Available data Block Start

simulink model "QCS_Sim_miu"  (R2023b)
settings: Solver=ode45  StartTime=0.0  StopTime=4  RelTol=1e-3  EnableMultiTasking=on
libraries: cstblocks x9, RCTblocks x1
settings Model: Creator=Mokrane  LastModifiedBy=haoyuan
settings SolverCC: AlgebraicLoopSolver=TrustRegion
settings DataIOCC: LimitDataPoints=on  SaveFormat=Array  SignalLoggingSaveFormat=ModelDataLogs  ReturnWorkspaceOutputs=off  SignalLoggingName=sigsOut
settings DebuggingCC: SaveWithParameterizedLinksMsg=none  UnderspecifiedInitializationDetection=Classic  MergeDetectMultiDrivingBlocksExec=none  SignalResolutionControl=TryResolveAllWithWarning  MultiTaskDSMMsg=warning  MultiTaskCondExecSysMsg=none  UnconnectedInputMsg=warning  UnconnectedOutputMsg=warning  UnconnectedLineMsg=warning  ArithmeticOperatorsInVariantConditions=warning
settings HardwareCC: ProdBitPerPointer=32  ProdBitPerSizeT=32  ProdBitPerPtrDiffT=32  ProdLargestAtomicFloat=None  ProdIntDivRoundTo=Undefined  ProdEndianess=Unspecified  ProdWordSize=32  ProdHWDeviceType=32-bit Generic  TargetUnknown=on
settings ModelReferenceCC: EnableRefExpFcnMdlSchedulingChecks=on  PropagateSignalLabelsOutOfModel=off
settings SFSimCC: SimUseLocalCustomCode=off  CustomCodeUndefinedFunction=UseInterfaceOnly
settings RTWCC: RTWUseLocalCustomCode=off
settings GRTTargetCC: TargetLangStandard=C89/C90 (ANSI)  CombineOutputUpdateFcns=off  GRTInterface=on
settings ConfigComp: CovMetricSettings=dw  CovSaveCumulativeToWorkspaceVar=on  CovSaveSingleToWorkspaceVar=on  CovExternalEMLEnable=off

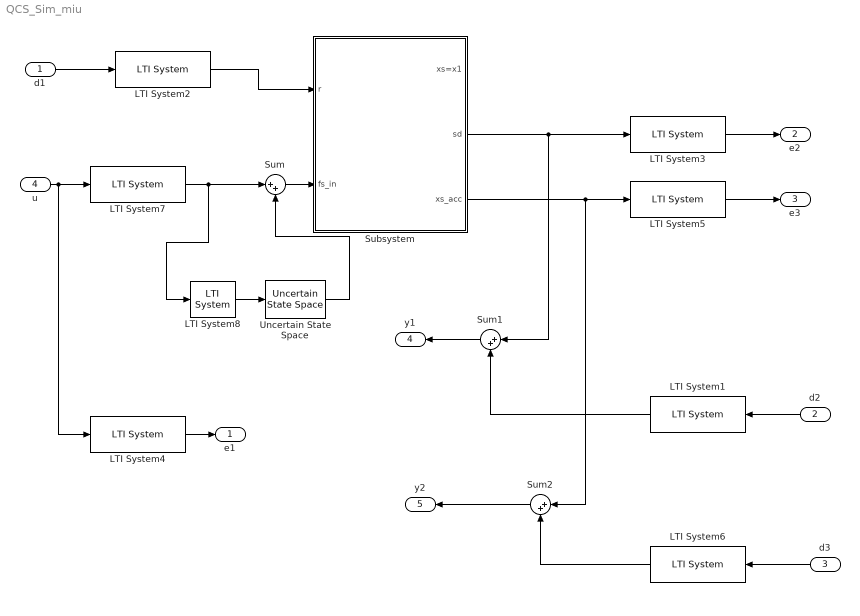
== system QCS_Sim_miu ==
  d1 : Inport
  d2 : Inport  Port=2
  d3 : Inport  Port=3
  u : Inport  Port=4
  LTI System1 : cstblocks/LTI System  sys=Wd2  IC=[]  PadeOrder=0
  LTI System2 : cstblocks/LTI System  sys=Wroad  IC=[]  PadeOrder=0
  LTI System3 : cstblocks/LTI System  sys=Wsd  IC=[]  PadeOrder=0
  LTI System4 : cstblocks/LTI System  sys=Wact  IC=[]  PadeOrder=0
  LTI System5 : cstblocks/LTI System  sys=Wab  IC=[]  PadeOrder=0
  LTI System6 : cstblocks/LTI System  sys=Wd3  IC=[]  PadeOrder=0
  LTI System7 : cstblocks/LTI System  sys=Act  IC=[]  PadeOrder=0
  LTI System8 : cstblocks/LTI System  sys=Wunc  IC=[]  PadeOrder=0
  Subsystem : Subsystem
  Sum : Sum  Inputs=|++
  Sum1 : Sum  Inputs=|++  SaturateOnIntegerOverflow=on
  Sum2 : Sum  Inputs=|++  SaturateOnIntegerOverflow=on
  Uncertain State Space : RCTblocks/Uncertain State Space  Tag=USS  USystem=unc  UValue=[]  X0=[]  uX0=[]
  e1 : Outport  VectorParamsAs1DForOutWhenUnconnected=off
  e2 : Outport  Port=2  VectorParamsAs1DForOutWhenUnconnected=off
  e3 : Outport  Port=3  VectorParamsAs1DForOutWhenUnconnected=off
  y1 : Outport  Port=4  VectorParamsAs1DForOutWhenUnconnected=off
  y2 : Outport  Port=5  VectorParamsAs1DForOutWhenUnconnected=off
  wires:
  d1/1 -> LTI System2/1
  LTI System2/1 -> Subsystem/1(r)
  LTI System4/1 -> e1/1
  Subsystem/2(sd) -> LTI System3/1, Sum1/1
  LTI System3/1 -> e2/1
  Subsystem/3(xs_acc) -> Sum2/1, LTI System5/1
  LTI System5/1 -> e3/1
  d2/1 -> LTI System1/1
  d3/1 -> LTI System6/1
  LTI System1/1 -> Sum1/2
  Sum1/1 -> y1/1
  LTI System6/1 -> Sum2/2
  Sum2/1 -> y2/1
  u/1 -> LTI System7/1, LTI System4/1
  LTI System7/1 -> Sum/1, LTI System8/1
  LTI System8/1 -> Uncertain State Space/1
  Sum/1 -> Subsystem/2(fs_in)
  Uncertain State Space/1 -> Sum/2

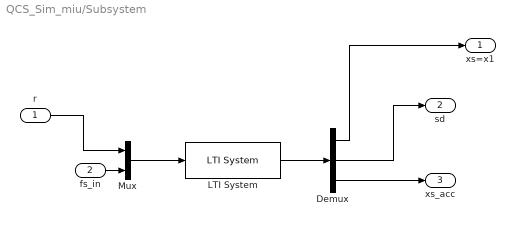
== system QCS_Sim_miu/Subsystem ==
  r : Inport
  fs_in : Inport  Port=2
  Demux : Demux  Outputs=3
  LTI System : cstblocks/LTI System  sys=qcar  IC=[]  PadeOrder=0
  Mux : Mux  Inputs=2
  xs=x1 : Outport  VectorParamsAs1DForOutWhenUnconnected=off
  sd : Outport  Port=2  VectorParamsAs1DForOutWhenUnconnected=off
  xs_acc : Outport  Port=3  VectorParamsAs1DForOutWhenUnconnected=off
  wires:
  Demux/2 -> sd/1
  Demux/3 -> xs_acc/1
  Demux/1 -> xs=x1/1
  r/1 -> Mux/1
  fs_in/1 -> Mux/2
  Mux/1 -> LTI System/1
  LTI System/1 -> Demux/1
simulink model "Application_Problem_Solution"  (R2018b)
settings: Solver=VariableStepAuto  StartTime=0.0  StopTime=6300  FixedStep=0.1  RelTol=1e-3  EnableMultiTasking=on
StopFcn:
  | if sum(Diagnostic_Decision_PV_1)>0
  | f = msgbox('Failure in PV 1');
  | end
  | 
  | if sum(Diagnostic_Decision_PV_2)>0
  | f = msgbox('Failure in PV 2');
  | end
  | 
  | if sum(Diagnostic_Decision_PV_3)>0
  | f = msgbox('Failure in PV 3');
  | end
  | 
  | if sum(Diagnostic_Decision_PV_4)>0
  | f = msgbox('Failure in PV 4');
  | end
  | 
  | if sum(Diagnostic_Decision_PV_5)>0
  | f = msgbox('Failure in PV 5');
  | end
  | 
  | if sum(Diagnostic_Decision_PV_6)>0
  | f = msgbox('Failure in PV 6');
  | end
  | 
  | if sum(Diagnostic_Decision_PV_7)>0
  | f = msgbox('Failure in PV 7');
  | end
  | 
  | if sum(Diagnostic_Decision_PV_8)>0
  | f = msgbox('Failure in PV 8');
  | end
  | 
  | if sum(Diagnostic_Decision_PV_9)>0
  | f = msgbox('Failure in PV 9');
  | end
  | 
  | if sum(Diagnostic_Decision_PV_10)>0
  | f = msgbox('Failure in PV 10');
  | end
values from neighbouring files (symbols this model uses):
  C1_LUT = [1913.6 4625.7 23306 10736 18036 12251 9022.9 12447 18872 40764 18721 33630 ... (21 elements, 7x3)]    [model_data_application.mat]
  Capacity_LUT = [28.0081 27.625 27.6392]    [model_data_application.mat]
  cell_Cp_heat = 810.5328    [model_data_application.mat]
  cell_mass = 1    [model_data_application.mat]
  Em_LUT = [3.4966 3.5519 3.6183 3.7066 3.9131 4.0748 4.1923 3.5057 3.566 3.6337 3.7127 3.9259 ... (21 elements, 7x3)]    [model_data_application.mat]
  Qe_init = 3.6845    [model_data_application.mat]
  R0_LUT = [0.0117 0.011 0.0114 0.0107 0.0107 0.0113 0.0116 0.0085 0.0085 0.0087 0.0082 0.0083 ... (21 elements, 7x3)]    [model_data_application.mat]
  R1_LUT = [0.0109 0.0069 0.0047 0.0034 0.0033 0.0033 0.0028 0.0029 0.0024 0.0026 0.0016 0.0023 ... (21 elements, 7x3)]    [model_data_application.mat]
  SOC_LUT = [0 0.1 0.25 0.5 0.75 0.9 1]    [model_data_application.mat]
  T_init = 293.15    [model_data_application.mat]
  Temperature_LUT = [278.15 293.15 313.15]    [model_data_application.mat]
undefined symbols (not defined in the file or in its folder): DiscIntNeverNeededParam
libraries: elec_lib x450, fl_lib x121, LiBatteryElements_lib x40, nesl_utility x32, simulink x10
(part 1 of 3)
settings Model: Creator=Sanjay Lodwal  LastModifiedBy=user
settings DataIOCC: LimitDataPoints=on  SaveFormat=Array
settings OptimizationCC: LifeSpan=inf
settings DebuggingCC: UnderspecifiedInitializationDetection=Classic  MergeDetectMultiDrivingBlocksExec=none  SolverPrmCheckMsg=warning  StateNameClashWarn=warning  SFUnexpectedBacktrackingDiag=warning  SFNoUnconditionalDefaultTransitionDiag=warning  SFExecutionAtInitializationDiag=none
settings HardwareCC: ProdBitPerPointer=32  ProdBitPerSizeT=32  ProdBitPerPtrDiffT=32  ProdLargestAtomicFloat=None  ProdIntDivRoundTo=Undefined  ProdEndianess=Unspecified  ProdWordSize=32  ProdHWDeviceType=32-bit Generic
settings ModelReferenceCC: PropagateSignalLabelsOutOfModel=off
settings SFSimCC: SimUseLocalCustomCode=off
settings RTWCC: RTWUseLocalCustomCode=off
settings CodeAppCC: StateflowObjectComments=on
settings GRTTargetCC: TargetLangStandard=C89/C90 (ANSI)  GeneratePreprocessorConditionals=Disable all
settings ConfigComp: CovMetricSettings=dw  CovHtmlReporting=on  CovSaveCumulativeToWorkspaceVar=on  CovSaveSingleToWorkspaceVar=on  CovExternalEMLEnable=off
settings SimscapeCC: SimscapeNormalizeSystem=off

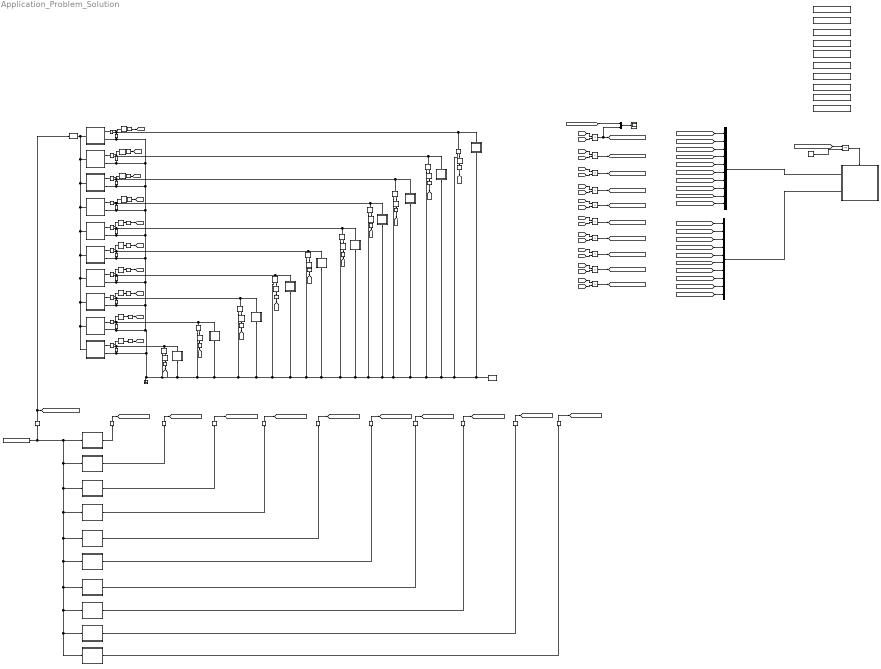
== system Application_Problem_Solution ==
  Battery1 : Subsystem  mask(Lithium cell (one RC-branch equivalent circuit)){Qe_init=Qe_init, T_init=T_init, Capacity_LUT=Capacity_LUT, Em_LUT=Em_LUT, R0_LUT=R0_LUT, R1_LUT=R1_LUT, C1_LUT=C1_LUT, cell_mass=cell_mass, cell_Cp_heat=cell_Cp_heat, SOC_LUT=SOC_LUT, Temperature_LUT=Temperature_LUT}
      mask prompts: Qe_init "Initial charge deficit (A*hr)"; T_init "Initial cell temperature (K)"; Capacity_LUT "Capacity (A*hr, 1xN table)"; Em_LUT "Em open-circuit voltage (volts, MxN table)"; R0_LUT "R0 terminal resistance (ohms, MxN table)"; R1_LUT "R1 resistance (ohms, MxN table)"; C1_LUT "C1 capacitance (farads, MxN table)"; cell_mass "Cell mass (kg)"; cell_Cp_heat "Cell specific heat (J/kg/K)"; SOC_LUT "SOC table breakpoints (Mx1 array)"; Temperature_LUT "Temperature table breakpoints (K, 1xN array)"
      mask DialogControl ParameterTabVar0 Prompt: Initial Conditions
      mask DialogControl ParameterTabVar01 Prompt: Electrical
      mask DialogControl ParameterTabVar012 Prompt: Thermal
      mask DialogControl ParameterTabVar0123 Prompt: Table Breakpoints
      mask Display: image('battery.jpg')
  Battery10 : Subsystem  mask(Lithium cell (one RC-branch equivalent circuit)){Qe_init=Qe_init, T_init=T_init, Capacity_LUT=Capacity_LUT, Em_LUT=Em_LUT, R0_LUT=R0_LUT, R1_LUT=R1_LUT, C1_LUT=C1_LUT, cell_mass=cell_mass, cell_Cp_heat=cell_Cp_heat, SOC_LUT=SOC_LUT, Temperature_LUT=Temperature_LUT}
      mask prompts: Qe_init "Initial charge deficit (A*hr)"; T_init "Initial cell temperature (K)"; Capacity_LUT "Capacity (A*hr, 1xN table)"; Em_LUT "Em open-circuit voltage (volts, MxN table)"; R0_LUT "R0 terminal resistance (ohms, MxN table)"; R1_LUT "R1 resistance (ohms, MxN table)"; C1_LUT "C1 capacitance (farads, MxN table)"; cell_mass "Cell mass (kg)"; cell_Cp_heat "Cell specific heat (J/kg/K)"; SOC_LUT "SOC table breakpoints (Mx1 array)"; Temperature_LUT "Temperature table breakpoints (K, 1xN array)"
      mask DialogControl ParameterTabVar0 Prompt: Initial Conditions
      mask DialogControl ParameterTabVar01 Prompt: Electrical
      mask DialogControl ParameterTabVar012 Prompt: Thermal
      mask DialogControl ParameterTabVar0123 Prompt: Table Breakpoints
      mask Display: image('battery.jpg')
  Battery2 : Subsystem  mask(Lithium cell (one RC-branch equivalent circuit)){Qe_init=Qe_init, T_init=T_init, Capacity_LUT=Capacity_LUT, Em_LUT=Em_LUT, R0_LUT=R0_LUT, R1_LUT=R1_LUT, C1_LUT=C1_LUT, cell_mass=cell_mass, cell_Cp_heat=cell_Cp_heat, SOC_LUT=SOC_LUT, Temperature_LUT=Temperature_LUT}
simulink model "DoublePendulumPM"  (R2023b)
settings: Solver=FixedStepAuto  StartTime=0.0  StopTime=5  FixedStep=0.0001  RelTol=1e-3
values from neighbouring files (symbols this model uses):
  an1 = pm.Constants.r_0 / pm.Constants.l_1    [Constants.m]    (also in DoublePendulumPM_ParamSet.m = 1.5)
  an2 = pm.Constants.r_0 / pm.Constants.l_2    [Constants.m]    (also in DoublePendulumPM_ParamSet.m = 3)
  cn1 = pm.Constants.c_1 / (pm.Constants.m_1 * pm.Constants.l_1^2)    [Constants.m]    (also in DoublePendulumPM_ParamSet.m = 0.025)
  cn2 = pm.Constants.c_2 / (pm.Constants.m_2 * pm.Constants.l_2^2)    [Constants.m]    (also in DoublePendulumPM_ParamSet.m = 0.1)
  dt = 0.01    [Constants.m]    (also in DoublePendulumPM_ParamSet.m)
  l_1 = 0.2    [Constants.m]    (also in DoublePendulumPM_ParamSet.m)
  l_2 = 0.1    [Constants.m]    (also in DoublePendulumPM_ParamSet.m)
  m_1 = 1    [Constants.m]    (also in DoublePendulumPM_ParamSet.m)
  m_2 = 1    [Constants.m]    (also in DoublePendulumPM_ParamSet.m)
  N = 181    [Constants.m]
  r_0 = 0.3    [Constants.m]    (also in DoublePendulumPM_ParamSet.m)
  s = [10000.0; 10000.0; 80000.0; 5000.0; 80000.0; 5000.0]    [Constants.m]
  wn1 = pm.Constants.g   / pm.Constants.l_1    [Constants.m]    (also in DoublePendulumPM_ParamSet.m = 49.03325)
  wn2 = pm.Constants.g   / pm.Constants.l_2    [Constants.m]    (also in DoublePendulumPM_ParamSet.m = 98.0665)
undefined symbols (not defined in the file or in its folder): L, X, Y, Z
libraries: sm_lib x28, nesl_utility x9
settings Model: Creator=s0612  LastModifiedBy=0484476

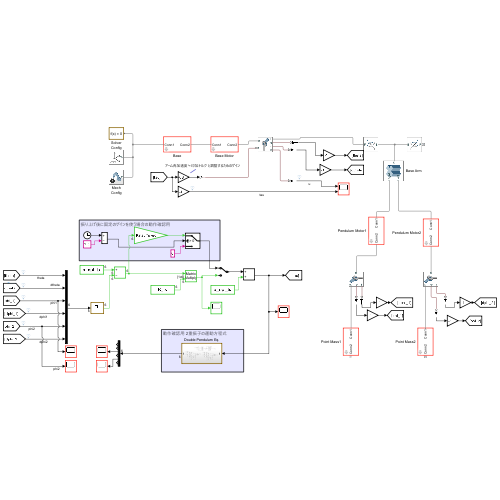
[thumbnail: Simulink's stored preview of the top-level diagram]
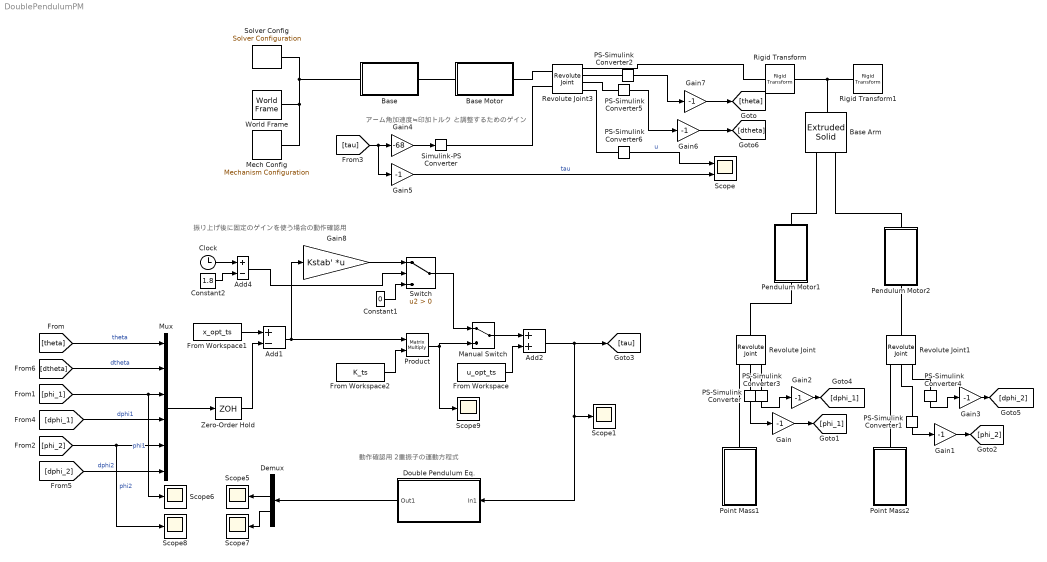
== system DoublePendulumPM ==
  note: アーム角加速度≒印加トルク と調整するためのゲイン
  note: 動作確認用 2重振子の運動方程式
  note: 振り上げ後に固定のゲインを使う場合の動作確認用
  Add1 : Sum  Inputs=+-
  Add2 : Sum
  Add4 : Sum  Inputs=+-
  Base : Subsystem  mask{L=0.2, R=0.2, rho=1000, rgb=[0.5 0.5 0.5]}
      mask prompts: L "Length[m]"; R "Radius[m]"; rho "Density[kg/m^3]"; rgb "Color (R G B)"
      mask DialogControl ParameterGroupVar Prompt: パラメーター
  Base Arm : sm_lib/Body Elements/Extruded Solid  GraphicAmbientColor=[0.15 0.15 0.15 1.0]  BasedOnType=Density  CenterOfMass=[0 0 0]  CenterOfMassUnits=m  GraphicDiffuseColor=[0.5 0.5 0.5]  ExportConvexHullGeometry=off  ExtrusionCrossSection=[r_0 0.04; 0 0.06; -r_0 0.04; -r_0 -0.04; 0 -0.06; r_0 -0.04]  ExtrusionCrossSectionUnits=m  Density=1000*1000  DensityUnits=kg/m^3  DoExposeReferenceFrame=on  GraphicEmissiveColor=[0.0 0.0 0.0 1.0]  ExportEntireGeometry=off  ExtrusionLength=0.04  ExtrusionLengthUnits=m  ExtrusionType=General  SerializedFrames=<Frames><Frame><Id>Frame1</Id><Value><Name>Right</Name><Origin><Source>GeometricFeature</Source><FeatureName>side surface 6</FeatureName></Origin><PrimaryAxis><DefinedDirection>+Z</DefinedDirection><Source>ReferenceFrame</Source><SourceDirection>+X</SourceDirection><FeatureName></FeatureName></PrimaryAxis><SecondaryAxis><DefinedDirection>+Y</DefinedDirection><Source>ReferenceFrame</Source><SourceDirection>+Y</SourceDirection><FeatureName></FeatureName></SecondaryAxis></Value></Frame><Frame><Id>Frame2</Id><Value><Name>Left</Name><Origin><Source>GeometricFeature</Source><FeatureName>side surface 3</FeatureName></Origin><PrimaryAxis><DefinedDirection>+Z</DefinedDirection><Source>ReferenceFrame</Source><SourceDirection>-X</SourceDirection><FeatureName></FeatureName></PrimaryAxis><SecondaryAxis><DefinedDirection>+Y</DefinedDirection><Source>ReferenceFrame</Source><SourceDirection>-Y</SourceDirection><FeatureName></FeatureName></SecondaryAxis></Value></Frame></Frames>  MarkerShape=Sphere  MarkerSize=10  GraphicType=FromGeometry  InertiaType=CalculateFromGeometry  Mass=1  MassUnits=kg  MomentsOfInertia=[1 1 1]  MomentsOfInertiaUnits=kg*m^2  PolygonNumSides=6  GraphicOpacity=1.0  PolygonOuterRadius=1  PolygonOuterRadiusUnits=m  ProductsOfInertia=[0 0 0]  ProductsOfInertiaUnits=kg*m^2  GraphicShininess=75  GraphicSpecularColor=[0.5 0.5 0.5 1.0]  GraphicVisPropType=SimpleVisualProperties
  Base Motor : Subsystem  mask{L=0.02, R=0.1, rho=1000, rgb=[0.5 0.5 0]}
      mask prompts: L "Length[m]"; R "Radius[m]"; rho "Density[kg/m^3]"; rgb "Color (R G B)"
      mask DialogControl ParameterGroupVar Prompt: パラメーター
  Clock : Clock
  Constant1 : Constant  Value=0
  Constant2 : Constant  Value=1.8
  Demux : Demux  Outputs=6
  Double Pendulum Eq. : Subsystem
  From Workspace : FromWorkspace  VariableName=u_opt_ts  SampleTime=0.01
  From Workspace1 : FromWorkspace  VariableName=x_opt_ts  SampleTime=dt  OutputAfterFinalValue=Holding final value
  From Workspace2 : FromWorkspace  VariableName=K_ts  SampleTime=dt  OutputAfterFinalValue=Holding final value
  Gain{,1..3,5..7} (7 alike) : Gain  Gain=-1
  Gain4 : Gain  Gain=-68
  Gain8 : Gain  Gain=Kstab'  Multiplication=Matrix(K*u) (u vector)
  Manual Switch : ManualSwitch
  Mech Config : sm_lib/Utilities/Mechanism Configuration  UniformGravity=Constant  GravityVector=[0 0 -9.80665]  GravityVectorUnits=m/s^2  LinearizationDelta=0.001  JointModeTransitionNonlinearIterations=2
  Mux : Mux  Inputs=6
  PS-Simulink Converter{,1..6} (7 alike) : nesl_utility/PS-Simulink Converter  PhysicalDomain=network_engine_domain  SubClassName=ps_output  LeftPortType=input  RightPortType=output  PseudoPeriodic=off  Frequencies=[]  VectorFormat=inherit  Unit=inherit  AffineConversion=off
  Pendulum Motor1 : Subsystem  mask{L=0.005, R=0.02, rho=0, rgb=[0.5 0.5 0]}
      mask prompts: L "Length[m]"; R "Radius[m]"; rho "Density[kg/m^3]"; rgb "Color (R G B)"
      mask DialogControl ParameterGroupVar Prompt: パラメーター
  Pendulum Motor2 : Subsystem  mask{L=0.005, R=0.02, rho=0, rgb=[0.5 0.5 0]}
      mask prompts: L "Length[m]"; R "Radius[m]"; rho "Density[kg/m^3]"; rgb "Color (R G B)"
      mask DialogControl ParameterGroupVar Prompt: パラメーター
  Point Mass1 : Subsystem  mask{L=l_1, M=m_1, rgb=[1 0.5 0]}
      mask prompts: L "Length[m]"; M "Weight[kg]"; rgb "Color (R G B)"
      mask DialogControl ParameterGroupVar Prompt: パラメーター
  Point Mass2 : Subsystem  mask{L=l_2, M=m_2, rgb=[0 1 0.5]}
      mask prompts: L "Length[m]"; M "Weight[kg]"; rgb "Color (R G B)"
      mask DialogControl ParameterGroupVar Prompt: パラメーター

Available data Block End

● Exercise requirements:
In the listing above, show every line with the word "equivalent".

● Answer to the exercise:
  Battery1 : Subsystem  mask(Lithium cell (one RC-branch equivalent circuit)){Qe_init=Qe_init, T_init=T_init, Capacity_LUT=Capacity_LUT, Em_LUT=Em_LUT, R0_LUT=R0_LUT, R1_LUT=R1_LUT, C1_LUT=C1_LUT, cell_mass=cell_mass, cell_Cp_heat=cell_Cp_heat, SOC_LUT=SOC_LUT, Temperature_LUT=Temperature_LUT}
  Battery10 : Subsystem  mask(Lithium cell (one RC-branch equivalent circuit)){Qe_init=Qe_init, T_init=T_init, Capacity_LUT=Capacity_LUT, Em_LUT=Em_LUT, R0_LUT=R0_LUT, R1_LUT=R1_LUT, C1_LUT=C1_LUT, cell_mass=cell_mass, cell_Cp_heat=cell_Cp_heat, SOC_LUT=SOC_LUT, Temperature_LUT=Temperature_LUT}
  Battery2 : Subsystem  mask(Lithium cell (one RC-branch equivalent circuit)){Qe_init=Qe_init, T_init=T_init, Capacity_LUT=Capacity_LUT, Em_LUT=Em_LUT, R0_LUT=R0_LUT, R1_LUT=R1_LUT, C1_LUT=C1_LUT, cell_mass=cell_mass, cell_Cp_heat=cell_Cp_heat, SOC_LUT=SOC_LUT, Temperature_LUT=Temperature_LUT}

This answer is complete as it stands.